# Boston gathering



## estse (Nov 18, 2003)

I just thought I'd put it out there again. There are a handful of you here. Hello.


----------



## Elleire (Jul 24, 2011)

:tiptoe


----------



## estse (Nov 18, 2003)

See!

I've noticed you! You are not as secretive as myself!


----------



## estse (Nov 18, 2003)

Okay, I fixed my typo that no one noticed.

And anyways, my location has usually stated, "well acquainted with worms and dirt," not "Boston, MA." Most can't tell the difference.

Geez, I get posting anxiety in this thread locale.


----------



## Nyx (Nov 17, 2003)

Why are you ashamed of being a [email protected]$$hole, huh?!


----------



## estse (Nov 18, 2003)

I love being a M*******! It's just, what if the speed of light were squared here?! Where would all the energy go!! How could we avoid the zombie apocalypse?!?

I swear, I amn't drinking.

And you're still posting! Rad!


----------



## Nyx (Nov 17, 2003)

Are you sure? 

I think there's a bigger chance of a zombie outbreak than of people in Boston getting together.


----------



## anonymid (Oct 16, 2005)

If I had a car and could drive and transportation wouldn't be an ordeal and all that, I'd consider it . . . but I dunno. I chicken out of a lot of things.


----------



## Nyx (Nov 17, 2003)

Don't worry; you are amongst fellow chickens.

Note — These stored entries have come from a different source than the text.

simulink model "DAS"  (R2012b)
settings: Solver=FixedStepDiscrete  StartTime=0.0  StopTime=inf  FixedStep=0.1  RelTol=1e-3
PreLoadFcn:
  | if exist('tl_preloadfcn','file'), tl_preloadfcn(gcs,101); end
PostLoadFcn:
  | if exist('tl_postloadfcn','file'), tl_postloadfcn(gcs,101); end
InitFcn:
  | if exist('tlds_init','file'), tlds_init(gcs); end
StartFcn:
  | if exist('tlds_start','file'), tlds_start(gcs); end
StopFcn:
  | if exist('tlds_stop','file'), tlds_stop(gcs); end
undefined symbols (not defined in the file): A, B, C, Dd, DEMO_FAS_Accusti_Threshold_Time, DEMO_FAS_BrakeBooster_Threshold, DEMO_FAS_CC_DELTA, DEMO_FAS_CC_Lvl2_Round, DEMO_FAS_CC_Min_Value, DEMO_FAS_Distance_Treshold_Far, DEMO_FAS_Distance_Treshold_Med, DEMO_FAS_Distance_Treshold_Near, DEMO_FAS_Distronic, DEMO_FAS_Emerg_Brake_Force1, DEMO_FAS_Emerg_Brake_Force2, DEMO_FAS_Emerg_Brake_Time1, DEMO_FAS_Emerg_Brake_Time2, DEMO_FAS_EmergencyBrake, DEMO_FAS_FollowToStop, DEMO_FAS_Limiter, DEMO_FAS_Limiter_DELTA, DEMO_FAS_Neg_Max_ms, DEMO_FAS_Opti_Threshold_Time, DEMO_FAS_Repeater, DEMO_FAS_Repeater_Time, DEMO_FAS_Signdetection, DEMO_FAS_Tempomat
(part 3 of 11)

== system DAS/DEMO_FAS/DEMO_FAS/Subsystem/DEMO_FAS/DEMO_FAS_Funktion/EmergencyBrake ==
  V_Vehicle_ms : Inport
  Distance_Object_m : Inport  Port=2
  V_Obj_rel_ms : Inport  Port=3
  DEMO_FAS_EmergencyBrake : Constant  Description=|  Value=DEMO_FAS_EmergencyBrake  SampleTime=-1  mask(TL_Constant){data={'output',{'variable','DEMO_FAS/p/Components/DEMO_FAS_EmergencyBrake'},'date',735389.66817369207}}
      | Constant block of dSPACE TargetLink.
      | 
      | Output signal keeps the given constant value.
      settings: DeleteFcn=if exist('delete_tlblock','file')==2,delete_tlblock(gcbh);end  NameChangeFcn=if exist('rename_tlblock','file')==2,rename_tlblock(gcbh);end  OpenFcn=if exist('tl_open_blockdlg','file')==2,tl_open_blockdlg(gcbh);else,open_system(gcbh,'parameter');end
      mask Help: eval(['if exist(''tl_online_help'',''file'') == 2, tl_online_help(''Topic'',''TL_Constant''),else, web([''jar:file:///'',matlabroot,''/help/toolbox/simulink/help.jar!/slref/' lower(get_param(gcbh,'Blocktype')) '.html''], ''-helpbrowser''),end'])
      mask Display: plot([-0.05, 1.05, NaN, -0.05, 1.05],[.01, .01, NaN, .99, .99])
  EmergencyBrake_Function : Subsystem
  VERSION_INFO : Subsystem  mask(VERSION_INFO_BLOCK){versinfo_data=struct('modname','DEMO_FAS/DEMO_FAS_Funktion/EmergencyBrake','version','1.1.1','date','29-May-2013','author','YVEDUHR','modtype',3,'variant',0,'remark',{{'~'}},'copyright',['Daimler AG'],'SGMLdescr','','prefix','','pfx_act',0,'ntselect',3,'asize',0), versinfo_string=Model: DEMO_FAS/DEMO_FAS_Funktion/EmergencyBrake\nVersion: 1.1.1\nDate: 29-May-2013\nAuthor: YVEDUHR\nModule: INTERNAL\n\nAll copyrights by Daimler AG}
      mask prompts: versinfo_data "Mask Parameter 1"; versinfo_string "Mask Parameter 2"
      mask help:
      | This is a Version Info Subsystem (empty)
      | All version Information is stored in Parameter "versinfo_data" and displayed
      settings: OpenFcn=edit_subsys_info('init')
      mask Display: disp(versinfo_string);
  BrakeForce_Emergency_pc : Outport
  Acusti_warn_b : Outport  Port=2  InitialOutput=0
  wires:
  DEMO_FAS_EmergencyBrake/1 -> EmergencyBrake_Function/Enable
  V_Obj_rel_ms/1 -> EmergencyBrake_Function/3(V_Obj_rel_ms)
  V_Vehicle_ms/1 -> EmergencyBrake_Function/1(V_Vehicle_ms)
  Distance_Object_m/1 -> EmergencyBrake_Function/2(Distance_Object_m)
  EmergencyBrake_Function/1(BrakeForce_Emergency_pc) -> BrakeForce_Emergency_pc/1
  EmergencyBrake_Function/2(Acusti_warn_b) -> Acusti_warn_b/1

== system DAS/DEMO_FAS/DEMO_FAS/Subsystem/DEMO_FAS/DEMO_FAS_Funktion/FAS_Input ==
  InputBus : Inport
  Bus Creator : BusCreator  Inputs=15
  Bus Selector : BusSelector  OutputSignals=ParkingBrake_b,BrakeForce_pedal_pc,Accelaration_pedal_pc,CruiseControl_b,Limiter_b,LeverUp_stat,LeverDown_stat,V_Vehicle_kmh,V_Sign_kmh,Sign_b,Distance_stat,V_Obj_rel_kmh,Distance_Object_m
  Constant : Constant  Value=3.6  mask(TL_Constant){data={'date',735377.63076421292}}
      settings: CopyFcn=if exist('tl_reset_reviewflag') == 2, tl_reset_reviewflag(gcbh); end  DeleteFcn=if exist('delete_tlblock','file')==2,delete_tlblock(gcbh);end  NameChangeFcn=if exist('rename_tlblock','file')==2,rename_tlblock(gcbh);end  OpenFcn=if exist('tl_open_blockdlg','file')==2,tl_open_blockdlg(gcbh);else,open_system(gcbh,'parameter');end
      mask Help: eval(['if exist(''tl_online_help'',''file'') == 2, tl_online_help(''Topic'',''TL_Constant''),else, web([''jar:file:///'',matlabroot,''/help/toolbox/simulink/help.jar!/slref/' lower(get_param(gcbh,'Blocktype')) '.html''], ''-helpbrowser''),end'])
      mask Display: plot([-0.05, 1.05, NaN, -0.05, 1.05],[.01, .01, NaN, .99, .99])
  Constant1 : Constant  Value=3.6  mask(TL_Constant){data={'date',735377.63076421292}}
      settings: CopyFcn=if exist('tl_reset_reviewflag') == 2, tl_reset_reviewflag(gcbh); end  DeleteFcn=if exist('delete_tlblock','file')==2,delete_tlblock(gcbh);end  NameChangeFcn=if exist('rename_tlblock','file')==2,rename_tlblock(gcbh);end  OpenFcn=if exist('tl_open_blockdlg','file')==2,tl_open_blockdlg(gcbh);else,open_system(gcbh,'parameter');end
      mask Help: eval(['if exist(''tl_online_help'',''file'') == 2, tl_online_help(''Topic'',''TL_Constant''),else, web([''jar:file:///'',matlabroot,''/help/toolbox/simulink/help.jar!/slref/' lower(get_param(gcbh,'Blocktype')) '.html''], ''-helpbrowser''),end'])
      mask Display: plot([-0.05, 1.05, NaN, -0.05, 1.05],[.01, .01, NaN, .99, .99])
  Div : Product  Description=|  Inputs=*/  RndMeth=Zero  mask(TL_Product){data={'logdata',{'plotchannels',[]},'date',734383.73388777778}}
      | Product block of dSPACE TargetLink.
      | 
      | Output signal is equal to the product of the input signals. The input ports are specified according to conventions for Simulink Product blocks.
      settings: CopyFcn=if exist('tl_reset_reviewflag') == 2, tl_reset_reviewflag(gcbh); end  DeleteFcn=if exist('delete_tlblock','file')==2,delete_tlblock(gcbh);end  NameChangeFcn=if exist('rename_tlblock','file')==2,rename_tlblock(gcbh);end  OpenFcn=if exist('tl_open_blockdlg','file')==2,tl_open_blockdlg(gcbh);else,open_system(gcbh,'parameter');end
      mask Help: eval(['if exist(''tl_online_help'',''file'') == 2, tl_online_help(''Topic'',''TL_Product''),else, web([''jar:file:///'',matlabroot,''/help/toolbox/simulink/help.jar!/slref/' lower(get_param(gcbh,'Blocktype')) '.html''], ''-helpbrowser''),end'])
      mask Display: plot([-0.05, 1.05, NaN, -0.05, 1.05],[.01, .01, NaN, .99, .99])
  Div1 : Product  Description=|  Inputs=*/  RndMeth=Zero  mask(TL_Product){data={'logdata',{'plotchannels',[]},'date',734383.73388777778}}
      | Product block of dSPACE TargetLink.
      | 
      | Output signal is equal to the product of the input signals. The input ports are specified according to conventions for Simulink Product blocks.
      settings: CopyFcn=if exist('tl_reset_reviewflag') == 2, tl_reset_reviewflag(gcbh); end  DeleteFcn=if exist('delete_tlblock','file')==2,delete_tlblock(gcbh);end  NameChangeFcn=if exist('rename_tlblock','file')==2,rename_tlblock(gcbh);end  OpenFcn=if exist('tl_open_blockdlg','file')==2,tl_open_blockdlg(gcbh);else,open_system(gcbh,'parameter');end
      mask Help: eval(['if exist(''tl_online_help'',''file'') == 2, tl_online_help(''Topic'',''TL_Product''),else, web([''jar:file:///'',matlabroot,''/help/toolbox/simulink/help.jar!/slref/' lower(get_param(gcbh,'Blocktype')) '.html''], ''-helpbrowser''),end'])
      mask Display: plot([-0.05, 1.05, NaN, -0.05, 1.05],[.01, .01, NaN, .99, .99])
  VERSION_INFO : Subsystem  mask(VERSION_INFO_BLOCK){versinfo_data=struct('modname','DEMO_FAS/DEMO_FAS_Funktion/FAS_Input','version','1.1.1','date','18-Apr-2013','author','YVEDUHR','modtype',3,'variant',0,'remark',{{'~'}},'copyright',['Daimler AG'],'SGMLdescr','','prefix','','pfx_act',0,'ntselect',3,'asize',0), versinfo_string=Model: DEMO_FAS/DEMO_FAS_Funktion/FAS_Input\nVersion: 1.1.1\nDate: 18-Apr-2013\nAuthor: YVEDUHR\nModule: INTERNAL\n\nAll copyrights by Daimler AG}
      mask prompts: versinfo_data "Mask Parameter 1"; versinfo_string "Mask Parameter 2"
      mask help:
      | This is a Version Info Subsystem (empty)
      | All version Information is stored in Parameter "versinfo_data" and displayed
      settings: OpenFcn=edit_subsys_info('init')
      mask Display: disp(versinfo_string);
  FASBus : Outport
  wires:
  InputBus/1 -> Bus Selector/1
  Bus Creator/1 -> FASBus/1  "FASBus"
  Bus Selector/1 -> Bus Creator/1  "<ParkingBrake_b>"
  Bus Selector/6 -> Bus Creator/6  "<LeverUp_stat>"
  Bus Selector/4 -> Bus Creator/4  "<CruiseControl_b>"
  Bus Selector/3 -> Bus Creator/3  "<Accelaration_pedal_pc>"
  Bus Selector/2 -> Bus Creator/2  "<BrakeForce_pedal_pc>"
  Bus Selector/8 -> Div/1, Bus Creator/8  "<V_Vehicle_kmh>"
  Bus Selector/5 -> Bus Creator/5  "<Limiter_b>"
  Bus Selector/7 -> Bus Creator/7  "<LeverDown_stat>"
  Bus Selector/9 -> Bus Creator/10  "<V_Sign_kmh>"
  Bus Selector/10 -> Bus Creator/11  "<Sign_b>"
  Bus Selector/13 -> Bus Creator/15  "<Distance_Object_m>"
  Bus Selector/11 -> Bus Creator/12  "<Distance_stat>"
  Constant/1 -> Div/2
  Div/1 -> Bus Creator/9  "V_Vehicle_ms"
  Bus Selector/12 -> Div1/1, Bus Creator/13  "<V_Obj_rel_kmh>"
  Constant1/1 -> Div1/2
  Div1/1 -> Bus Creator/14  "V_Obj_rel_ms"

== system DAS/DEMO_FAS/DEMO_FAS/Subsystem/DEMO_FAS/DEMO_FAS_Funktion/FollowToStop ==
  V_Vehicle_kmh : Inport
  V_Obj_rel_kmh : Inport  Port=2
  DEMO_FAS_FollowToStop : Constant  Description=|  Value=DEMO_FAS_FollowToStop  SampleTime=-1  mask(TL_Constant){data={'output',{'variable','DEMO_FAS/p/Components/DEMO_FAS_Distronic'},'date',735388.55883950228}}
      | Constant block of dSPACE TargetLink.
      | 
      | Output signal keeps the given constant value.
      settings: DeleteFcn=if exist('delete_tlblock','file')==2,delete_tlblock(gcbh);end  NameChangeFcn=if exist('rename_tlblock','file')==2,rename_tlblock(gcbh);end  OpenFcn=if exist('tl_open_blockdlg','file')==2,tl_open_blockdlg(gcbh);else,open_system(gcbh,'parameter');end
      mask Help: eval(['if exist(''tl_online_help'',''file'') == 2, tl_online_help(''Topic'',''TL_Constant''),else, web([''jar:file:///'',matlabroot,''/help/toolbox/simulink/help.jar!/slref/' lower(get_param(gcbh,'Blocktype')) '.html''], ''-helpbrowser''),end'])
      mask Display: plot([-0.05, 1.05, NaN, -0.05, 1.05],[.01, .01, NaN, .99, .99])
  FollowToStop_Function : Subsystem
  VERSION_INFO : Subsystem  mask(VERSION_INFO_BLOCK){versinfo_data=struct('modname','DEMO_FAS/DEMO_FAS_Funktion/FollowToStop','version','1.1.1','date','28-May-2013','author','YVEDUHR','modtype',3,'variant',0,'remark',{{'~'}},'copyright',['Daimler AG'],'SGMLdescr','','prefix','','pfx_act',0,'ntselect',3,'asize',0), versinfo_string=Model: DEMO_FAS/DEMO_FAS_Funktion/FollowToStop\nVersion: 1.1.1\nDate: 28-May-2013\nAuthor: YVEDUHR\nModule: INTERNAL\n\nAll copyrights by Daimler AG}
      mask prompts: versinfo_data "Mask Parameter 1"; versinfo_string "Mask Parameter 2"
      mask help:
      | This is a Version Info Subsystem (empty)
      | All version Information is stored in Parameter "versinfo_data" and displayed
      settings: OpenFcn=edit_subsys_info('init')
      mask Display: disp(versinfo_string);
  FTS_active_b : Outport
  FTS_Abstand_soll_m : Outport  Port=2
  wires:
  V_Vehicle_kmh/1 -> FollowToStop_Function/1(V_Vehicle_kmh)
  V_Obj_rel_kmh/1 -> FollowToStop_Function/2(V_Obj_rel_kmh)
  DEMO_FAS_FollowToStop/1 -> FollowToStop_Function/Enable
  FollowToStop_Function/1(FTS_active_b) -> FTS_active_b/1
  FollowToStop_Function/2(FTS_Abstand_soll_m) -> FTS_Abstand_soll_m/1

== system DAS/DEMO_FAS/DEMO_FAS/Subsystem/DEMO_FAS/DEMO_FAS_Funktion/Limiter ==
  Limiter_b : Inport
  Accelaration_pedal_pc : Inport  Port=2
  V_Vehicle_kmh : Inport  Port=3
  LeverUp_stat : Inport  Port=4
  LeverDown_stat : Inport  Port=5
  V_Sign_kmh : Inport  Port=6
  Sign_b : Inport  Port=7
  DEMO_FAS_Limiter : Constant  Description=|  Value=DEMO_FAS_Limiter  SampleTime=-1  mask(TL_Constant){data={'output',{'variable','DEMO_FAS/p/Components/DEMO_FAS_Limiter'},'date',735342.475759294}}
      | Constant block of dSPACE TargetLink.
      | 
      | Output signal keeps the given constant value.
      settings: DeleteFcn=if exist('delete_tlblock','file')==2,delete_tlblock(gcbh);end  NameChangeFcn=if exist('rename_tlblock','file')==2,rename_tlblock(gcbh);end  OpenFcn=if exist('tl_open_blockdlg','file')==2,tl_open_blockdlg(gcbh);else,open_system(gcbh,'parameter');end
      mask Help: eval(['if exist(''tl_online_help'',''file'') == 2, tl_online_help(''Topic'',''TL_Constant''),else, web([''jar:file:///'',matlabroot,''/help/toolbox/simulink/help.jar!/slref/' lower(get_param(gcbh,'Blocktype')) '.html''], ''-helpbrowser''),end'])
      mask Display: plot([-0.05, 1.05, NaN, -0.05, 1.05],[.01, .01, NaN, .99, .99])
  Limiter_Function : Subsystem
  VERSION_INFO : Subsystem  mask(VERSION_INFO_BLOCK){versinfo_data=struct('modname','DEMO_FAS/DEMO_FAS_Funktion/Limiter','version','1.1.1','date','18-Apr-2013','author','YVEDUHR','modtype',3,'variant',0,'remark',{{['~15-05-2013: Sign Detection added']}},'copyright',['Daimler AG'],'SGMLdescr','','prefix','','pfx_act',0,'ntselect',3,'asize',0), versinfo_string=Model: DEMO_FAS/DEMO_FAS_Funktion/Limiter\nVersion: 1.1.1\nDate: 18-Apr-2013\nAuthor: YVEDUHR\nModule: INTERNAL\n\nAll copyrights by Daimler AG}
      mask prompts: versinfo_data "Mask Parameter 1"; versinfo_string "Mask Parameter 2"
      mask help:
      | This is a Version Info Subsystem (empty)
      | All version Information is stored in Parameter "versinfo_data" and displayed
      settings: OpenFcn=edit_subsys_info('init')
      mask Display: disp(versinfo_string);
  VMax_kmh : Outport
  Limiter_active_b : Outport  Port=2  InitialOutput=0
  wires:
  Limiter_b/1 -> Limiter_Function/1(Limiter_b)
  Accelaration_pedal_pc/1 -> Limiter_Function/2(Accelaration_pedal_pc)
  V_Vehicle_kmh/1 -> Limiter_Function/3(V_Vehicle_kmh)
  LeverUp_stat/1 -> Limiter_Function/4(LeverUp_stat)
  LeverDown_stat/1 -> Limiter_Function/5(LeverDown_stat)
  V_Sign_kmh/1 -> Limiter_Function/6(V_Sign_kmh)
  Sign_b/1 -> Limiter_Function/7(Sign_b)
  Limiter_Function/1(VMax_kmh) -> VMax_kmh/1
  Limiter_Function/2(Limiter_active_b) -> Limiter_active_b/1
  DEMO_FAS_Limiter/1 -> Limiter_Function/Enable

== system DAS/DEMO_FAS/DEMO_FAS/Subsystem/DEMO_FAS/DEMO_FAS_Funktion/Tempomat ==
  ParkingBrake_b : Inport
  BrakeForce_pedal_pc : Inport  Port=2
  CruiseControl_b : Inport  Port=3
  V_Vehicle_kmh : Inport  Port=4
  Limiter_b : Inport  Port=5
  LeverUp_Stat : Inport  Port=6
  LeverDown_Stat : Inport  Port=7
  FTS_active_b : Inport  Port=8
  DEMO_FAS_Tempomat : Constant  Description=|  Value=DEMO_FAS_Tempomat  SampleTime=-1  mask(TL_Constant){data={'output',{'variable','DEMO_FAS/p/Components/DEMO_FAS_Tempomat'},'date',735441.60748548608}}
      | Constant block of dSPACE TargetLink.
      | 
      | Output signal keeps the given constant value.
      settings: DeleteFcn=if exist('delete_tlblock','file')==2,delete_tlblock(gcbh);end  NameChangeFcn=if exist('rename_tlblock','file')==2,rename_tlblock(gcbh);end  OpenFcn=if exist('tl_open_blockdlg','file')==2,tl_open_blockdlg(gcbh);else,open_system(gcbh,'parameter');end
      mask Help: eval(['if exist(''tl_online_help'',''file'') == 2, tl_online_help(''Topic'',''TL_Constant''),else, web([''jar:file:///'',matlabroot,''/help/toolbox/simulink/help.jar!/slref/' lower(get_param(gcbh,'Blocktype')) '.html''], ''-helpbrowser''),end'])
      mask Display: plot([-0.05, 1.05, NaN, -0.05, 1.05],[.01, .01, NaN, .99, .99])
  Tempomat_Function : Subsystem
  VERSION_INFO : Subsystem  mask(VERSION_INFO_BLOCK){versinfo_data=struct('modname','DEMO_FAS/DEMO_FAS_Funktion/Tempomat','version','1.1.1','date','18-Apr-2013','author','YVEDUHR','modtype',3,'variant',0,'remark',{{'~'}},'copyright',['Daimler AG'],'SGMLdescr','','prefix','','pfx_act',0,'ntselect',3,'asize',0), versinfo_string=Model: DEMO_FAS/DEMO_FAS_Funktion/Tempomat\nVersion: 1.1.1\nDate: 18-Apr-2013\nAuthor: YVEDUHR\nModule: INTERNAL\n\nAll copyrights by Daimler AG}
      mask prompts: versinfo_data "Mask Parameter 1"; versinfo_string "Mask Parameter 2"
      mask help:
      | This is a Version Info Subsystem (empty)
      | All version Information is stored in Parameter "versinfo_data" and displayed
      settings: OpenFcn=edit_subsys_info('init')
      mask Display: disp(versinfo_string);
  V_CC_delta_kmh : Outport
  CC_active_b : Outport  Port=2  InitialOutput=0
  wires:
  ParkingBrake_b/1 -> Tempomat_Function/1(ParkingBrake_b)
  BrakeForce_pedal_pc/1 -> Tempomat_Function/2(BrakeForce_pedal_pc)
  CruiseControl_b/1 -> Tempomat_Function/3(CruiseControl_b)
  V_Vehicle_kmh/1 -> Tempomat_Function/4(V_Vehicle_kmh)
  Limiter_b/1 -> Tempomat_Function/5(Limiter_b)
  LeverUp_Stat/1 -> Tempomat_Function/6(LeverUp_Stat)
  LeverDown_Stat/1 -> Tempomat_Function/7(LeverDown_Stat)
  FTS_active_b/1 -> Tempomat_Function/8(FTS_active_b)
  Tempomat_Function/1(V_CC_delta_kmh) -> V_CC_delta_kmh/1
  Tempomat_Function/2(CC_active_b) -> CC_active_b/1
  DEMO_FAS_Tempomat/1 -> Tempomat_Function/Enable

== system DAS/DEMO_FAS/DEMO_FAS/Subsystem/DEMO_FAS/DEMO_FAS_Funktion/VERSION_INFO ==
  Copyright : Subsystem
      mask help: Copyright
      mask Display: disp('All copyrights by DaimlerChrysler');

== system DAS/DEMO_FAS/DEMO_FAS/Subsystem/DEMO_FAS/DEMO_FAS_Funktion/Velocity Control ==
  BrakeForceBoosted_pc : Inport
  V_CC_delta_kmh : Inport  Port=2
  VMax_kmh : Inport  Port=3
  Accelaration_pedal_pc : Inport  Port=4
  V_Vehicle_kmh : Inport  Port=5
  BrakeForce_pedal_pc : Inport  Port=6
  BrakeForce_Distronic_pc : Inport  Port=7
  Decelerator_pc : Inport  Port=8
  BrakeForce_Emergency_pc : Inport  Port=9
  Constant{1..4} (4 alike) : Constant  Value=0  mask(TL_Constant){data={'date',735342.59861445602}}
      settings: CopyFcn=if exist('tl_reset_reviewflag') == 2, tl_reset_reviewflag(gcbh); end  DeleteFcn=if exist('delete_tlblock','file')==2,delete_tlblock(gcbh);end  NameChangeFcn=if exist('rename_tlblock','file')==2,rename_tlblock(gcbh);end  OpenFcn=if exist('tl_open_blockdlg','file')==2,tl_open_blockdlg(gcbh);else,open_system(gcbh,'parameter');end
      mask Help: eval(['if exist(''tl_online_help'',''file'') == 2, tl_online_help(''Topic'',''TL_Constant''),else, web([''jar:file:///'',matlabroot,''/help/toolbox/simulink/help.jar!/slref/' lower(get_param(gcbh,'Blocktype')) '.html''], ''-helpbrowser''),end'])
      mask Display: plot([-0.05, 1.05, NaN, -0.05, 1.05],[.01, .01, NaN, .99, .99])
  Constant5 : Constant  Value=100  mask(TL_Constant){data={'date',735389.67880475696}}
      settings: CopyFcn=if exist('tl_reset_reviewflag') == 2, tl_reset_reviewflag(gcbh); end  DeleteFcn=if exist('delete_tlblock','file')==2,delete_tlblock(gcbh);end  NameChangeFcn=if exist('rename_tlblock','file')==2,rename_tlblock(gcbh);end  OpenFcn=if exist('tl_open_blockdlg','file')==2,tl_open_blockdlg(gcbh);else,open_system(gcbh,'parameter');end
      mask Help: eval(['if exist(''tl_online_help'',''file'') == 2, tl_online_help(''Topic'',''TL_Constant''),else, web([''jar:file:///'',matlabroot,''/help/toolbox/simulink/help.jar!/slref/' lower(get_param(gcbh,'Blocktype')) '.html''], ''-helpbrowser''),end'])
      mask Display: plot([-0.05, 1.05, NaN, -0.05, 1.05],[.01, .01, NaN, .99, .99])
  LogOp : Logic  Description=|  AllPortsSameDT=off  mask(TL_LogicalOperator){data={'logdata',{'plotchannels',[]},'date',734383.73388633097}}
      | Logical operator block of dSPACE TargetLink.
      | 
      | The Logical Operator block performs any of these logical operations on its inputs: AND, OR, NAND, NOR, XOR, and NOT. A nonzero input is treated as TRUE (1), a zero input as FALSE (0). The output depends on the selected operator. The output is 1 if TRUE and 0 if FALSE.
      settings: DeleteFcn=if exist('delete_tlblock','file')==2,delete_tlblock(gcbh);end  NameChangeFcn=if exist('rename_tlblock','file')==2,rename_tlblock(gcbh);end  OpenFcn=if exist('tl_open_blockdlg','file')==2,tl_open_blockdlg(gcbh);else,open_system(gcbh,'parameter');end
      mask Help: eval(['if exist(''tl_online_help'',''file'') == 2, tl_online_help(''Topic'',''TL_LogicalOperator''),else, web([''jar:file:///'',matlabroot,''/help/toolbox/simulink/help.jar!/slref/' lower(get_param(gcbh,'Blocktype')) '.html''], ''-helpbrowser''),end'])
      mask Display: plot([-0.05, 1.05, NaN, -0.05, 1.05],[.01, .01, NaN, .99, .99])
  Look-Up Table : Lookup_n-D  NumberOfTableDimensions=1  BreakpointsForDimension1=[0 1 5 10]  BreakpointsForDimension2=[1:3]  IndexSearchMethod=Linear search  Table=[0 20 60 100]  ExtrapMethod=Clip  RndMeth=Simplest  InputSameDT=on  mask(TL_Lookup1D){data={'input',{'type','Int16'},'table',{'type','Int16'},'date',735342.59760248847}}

There's a holiday weekend coming up. I don't know if any of you might be up for doing something that Saturday. If like me you hate holidays because you never do anything this could be a good date to set. If unlike me you actually do stuff, we can pick another date. As for things to do, I still like the idea of the aquarium because I am selfish and want to look at fish and penguins. Or we could do a casual lunch/dinner thing where we stare at each other like the weirdos we are. Or we could do a movie where we don't have to speak to each other. Or some combination of those. I really don't know what else it is people do when they get together.


----------



## estse (Nov 18, 2003)

September 3rd, that Saturday, should work. I have to check my little black book and schedule, though, um, to see if I'm doing anything else. Because I do a lot of things. All the time. Okay, off to check my Facebook and Twitter accounts....


----------



## estse (Nov 18, 2003)

Hmmmm....just wondering if more Bostonians will respond to this to make a gathering actually happen. We need you, people!


----------



## Nyx (Nov 17, 2003)

No, we're doomed. I went to a gathering on Wednesday run by the social anxiety group on meetup.com. I think if you want to meet some nervous folk, that's where you're going to have to go! It's too hard to get people together on here


----------



## estse (Nov 18, 2003)

Yeah, I'm been to SA meetup.com discussion groups. What was the event Wednesday night? Oh, I looked it up: Dinner at Sugar and Spice in Cambridge. Did you enjoy yourself?

Did you see this?

We can still tentatively plan for Sept. 3rd, if we can get the interest of anyone. The aquarium would work.


----------



## Nyx (Nov 17, 2003)

It was good. Food was tasty and I managed to talk, hehe. I've never gone to the discussion ones. The word "discussion" freaks me out.

I did see that.

Yeah, there's still time to garner some interest. Come on people!


----------



## DonQuixote (Jul 21, 2009)

Nyx said:


> It was good. Food was tasty and I managed to talk, hehe. I've never gone to the discussion ones. The word "discussion" freaks me out.
> 
> I did see that.
> 
> Yeah, there's still time to garner some interest. Come on people!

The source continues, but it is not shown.